The present invention relates to irrigation systems for communicating fluid to a surgical site within a body. More specifically it relates to irrigation systems having a valve arrangement capable of safely pressurizing the surgical site under a wide range of flow conditions.
Surgery on interior portions of the body are increasingly often being performed with the aid of endoscopic techniques. In such procedures, a scope cannula is inserted into the body to provide access to the surgical site. An endoscope is inserted into the scope cannula which allows viewing of the surgical site. Surgery is performed with instruments passed through an adjacent cannula or in some instances through the scope cannula or in still other instances through the endoscope itself. In order to facilitate the viewing of the surgical site and the use of the instruments, the tissues surrounding the surgical site are distended by fluid pressure. Typically the scope cannula comprises a dual lumen cannula having an inflow port connected to a first lumen for conducting fluid from a pump to the surgical site and an outflow port connected to a second lumen for conducting fluid away from the surgical site. By these means, a fluid flow loop is established consisting of fluid flowing from the pump through the inflow port, through the first lumen of the scope cannula into the surgical site, and then from the surgical site through the second lumen of the scope cannula and out the outflow port.
In order to distend the surgical site, more fluid is pumped into the surgical site than is allowed to drain from it thereby producing a positive distension pressure at the surgical site. Once a desired pressure is achieved, it is maintained by pumping fluid into the surgical site at the same rate that fluid leaves the surgical site. In practice, this is accomplished by modulating the pump output in order to control a pressure measured at a particular location in the fluid flow circuit.
An exemplary irrigation system is taught in U.S. Pat. No. 5,152,746 wherein a monitor line communicates the fluid pressure within the scope to a pump controller to modulate the pump to maintain the pressure within desirable and safe limits. For added safety, a safety relief valve is included in communication with the inflow line between the pump and the inflow port. When the pressure at the safety relief valve exceeds a safety relief valve activation pressure, the safety relief valve operates to discharge fluid to lower the pressure in the inflow line.

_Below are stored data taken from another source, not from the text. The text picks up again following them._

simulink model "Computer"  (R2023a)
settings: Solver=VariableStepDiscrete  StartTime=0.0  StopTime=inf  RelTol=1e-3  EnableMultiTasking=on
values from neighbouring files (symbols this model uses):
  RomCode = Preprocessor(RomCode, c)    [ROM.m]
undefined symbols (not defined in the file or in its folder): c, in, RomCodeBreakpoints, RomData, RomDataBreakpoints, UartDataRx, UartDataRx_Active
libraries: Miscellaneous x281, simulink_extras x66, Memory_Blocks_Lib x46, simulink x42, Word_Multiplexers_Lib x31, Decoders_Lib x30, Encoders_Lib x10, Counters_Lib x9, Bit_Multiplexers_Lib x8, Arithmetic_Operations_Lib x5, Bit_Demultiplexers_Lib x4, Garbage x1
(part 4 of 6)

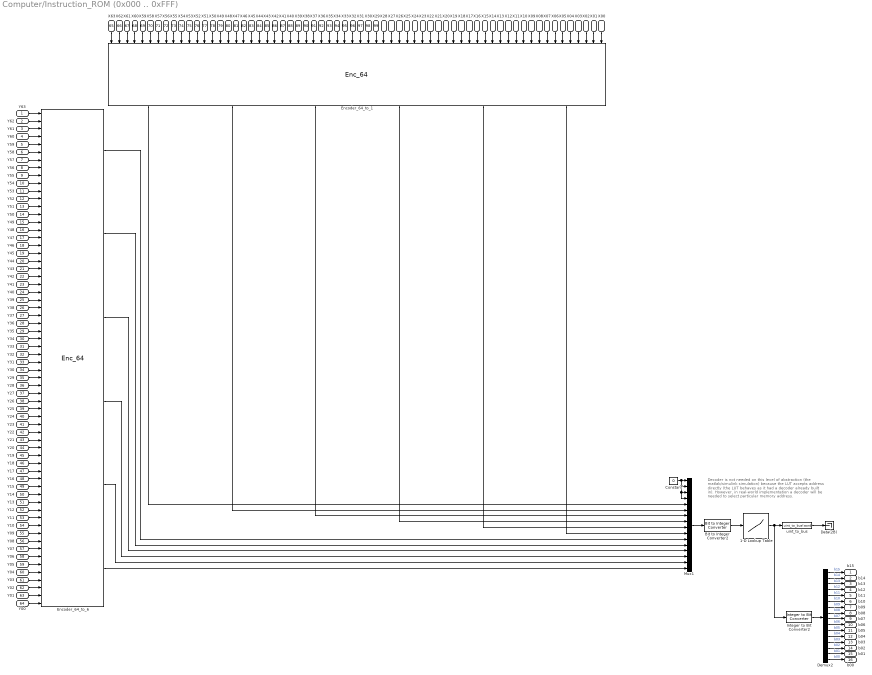
== system Computer/Instruction_ROM (0x000 .. 0xFFF) ==
  note: Decoder is not needed on this level of abstraction (the matlab/simulink simulation) because the LUT accepts address directly (the LUT behaves as it had a decoder already built in). However, in real-world implementation a decoder will be needed to select particular memory address.
  Y63 : Inport
  Y62 : Inport  Port=2
  Y61 : Inport  Port=3
  Y60 : Inport  Port=4
  Y59 : Inport  Port=5
  Y58 : Inport  Port=6
  Y57 : Inport  Port=7
  Y56 : Inport  Port=8
  Y55 : Inport  Port=9
  Y54 : Inport  Port=10
  Y53 : Inport  Port=11
  Y52 : Inport  Port=12
  Y51 : Inport  Port=13
  Y50 : Inport  Port=14
  Y49 : Inport  Port=15
  Y48 : Inport  Port=16
  Y47 : Inport  Port=17
  Y46 : Inport  Port=18
  Y45 : Inport  Port=19
  Y44 : Inport  Port=20
  Y43 : Inport  Port=21
  Y42 : Inport  Port=22
  Y41 : Inport  Port=23
  Y40 : Inport  Port=24
  Y39 : Inport  Port=25
  Y38 : Inport  Port=26
  Y37 : Inport  Port=27
  Y36 : Inport  Port=28
  Y35 : Inport  Port=29
  Y34 : Inport  Port=30
  Y33 : Inport  Port=31
  Y32 : Inport  Port=32
  Y31 : Inport  Port=33
  Y30 : Inport  Port=34
  Y29 : Inport  Port=35
  Y28 : Inport  Port=36
  Y27 : Inport  Port=37
  Y26 : Inport  Port=38
  Y25 : Inport  Port=39
  Y24 : Inport  Port=40
  Y23 : Inport  Port=41
  Y22 : Inport  Port=42
  Y21 : Inport  Port=43
  Y20 : Inport  Port=44
  Y19 : Inport  Port=45
  Y18 : Inport  Port=46
  Y17 : Inport  Port=47
  Y16 : Inport  Port=48
  Y15 : Inport  Port=49
  Y14 : Inport  Port=50
  Y13 : Inport  Port=51
  Y12 : Inport  Port=52
  Y11 : Inport  Port=53
  Y10 : Inport  Port=54
  Y09 : Inport  Port=55
  Y08 : Inport  Port=56
  Y07 : Inport  Port=57
  Y06 : Inport  Port=58
  Y05 : Inport  Port=59
  Y04 : Inport  Port=60
  Y03 : Inport  Port=61
  Y02 : Inport  Port=62
  Y01 : Inport  Port=63
  Y00 : Inport  Port=64
  X63 : Inport  Port=65
  X62 : Inport  Port=66
  X61 : Inport  Port=67
  X60 : Inport  Port=68
  X59 : Inport  Port=69
  X58 : Inport  Port=70
  X57 : Inport  Port=71
  X56 : Inport  Port=72
  X55 : Inport  Port=73
  X54 : Inport  Port=74
  X53 : Inport  Port=75
  X52 : Inport  Port=76
  X51 : Inport  Port=77
  X50 : Inport  Port=78
  X49 : Inport  Port=79
  X48 : Inport  Port=80
  X47 : Inport  Port=81
  X46 : Inport  Port=82
  X45 : Inport  Port=83
  X44 : Inport  Port=84
  X43 : Inport  Port=85
  X42 : Inport  Port=86
  X41 : Inport  Port=87
  X40 : Inport  Port=88
  X39 : Inport  Port=89
  X38 : Inport  Port=90
  X37 : Inport  Port=91
  X36 : Inport  Port=92
  X35 : Inport  Port=93
  X34 : Inport  Port=94
  X33 : Inport  Port=95
  X32 : Inport  Port=96
  X31 : Inport  Port=97
  X30 : Inport  Port=98
  X29 : Inport  Port=99
  X28 : Inport  Port=100
  X27 : Inport  Port=101
  X26 : Inport  Port=102
  X25 : Inport  Port=103
  X24 : Inport  Port=104
  X23 : Inport  Port=105
  X22 : Inport  Port=106
  X21 : Inport  Port=107
  X20 : Inport  Port=108
  X19 : Inport  Port=109
  X18 : Inport  Port=110
  X17 : Inport  Port=111
  X16 : Inport  Port=112
  X15 : Inport  Port=113
  X14 : Inport  Port=114
  X13 : Inport  Port=115
  X12 : Inport  Port=116
  X11 : Inport  Port=117
  X10 : Inport  Port=118
  X09 : Inport  Port=119
  X08 : Inport  Port=120
  X07 : Inport  Port=121
  X06 : Inport  Port=122
  X05 : Inport  Port=123
  X04 : Inport  Port=124
  X03 : Inport  Port=125
  X02 : Inport  Port=126
  X01 : Inport  Port=127
  X00 : Inport  Port=128
  1-D Lookup Table : Lookup_n-D  NumberOfTableDimensions=1  BreakpointsForDimension1=RomCodeBreakpoints  Table=RomCode  InterpMethod=Flat  InternalRulePriority=Speed  RndMeth=Simplest
  Bit to Integer Converter2 : simulink/Logic and Bit Operations/Bit to Integer Converter  nbits=16  bitOrder=MSB first  signedOutputValues=Unsigned  outDtype=uint16  outDtypeSigned=Inherit via internal rule
      settings: LibrarySourceBlock=|
      | commutil2/Bit to Integer
      | Converter
  Constant : Constant  Value=0  OutDataTypeStr=boolean
  Data(2B) : Terminator
  Demux2 : Demux  Outputs=16
  Encoder_64_to_1 : Encoders_Lib/Enc_64  SystemSampleTime=-1  VariantActivationTime=update diagram  Latency=0  AutoFrameSizeCalculation=off
      settings: LibrarySourceBlock=Garbage/Encoder_64_to_6
  Encoder_64_to_6 : Encoders_Lib/Enc_64  SystemSampleTime=-1  VariantActivationTime=update diagram  Latency=0  AutoFrameSizeCalculation=off
      settings: LibrarySourceBlock=Garbage/Encoder_64_to_6
  Integer to Bit Converter2 : simulink/Logic and Bit Operations/Integer to Bit Converter  nbits=16  signedInputValues=Unsigned  bitOrder=MSB first  outDtype=boolean
      settings: LibrarySourceBlock=|
      | commutil2/Integer to Bit
      | Converter
  Mux1 : Mux  Inputs=16
  uint_to_bus : Miscellaneous/uint_to_bus(word)
      settings: LibrarySourceBlock=Miscellaneous/uint_to_bus
  b15 : Outport
  b14 : Outport  Port=2
  b13 : Outport  Port=3
  b12 : Outport  Port=4
  b11 : Outport  Port=5
  b10 : Outport  Port=6
  b09 : Outport  Port=7
  b08 : Outport  Port=8
  b07 : Outport  Port=9
  b06 : Outport  Port=10
  b05 : Outport  Port=11
  b04 : Outport  Port=12
  b03 : Outport  Port=13
  b02 : Outport  Port=14
  b01 : Outport  Port=15
  b00 : Outport  Port=16
  wires:
  1-D Lookup Table/1 -> Integer to Bit Converter2/1, uint_to_bus/1
  Mux1/1 -> Bit to Integer Converter2/1
  uint_to_bus/1 -> Data(2B)/1
  Y04/1 -> Encoder_64_to_6/60
  Y02/1 -> Encoder_64_to_6/62
  Y57/1 -> Encoder_64_to_6/7
  Y07/1 -> Encoder_64_to_6/57
  Y22/1 -> Encoder_64_to_6/42
  Y33/1 -> Encoder_64_to_6/31
  Y54/1 -> Encoder_64_to_6/10
  Y52/1 -> Encoder_64_to_6/12
  Y39/1 -> Encoder_64_to_6/25
  Y19/1 -> Encoder_64_to_6/45
  Y60/1 -> Encoder_64_to_6/4
  Y12/1 -> Encoder_64_to_6/52
  Y44/1 -> Encoder_64_to_6/20
  Y51/1 -> Encoder_64_to_6/13
  Y58/1 -> Encoder_64_to_6/6
  Y16/1 -> Encoder_64_to_6/48
  Y11/1 -> Encoder_64_to_6/53
  Y61/1 -> Encoder_64_to_6/3
  Y32/1 -> Encoder_64_to_6/32
  Y29/1 -> Encoder_64_to_6/35
  Y15/1 -> Encoder_64_to_6/49
  Y21/1 -> Encoder_64_to_6/43
  Y03/1 -> Encoder_64_to_6/61
  Y00/1 -> Encoder_64_to_6/64
  Y23/1 -> Encoder_64_to_6/41
  Y38/1 -> Encoder_64_to_6/26
  Y05/1 -> Encoder_64_to_6/59
  Y01/1 -> Encoder_64_to_6/63
  Y06/1 -> Encoder_64_to_6/58
  Y34/1 -> Encoder_64_to_6/30
  Y08/1 -> Encoder_64_to_6/56
  Y25/1 -> Encoder_64_to_6/39
  Y36/1 -> Encoder_64_to_6/28
  Y59/1 -> Encoder_64_to_6/5
  Y40/1 -> Encoder_64_to_6/24
  Y09/1 -> Encoder_64_to_6/55
  Y42/1 -> Encoder_64_to_6/22
  Y24/1 -> Encoder_64_to_6/40
  Y62/1 -> Encoder_64_to_6/2
  Y30/1 -> Encoder_64_to_6/34
  Y53/1 -> Encoder_64_to_6/11
  Y41/1 -> Encoder_64_to_6/23
  Y35/1 -> Encoder_64_to_6/29
  Y63/1 -> Encoder_64_to_6/1
  Y48/1 -> Encoder_64_to_6/16
  Y55/1 -> Encoder_64_to_6/9
  Y13/1 -> Encoder_64_to_6/51
  Y37/1 -> Encoder_64_to_6/27
  Y45/1 -> Encoder_64_to_6/19
  Y43/1 -> Encoder_64_to_6/21
  Y50/1 -> Encoder_64_to_6/14
  Y27/1 -> Encoder_64_to_6/37
  Y49/1 -> Encoder_64_to_6/15
  Y14/1 -> Encoder_64_to_6/50
  Y18/1 -> Encoder_64_to_6/46
  Y56/1 -> Encoder_64_to_6/8
  Y26/1 -> Encoder_64_to_6/38
  Y31/1 -> Encoder_64_to_6/33
  Y20/1 -> Encoder_64_to_6/44
  Y10/1 -> Encoder_64_to_6/54
  Y17/1 -> Encoder_64_to_6/47
  Y28/1 -> Encoder_64_to_6/36
  Y47/1 -> Encoder_64_to_6/17
  Y46/1 -> Encoder_64_to_6/18
  Constant/1 -> Mux1/2, Mux1/3, Mux1/4, Mux1/1
  X63/1 -> Encoder_64_to_1/1
  X62/1 -> Encoder_64_to_1/2
  X61/1 -> Encoder_64_to_1/3
  X60/1 -> Encoder_64_to_1/4
  X59/1 -> Encoder_64_to_1/5
  X58/1 -> Encoder_64_to_1/6
  X57/1 -> Encoder_64_to_1/7
  X56/1 -> Encoder_64_to_1/8
  X55/1 -> Encoder_64_to_1/9
  X54/1 -> Encoder_64_to_1/10
  X53/1 -> Encoder_64_to_1/11
  X52/1 -> Encoder_64_to_1/12
  X51/1 -> Encoder_64_to_1/13
  X50/1 -> Encoder_64_to_1/14
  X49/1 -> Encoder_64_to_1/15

In use, the surgeon may desire to vary the amount of flow through the fluid circuit to accomplish different purposes. In one situation he may stop the outflow from the circuit in order to avoid agitation of the tissues being examined or to preserve the irrigation fluid being used. He may also wish to limit the amount of discharged fluid that must be disposed of. This situation is referred to as a static condition. The pump operates only to replenish the small amount of fluid which inevitably leaks from the circuit but there is little flow through the circuit. In the static condition, the pressure throughout the circuit is equal and therefore the pressure at the safety relief valve is equal to the pressure at the surgical site.
In another situation, the surgeon may want full flow through the circuit in order to actively flush away debris generated by the surgical procedure in order to cleanse the surgical site and facilitate his view through the scope. In this condition, or flow condition, the outflow port is fully open and the pump operates to replenish the fluid that flows through the outflow port and thereby maintain the desired distension pressure. The maximum flow through the system, for a predetermined distension pressure, will occur when the outflow port is fully open.
However, in the flow condition, the pressure measured at two points in the fluid circuit will be different. The difference, or back pressure, represents the incremental pressure required to overcome frictional resistance to the fluid flowing from the first point in the circuit to the second point in the circuit. Back pressure generally increases with increasing circuit length, decreasing tubing diameter, and increasing flow rate among other factors. When there is no flow there is no back pressure and the pressure at the two measurement points will be the same. When there is flow there will be back pressure. Therefore, in the flow condition, the pressure at the safety relief valve will be greater than the pressure at the surgical site. The difference is the back pressure which results from the fluid circuit geometry and the flow rate.
For prior art systems, this back pressure prevents the system from achieving the maximum safe pressure at the surgical site in the flow condition and thus prevents optimal distension. This is because the safety relief valve activation pressure must be set at the maximum safe pressure for the surgical site in order to protect the patient in the static condition. In the flow condition, back pressure causes the safety relief valve to reach its activation pressure before the surgical site reaches the maximum safe pressure. This effect, lowering of the maximum achievable distension pressure, increases as the flow rate through the circuit increases.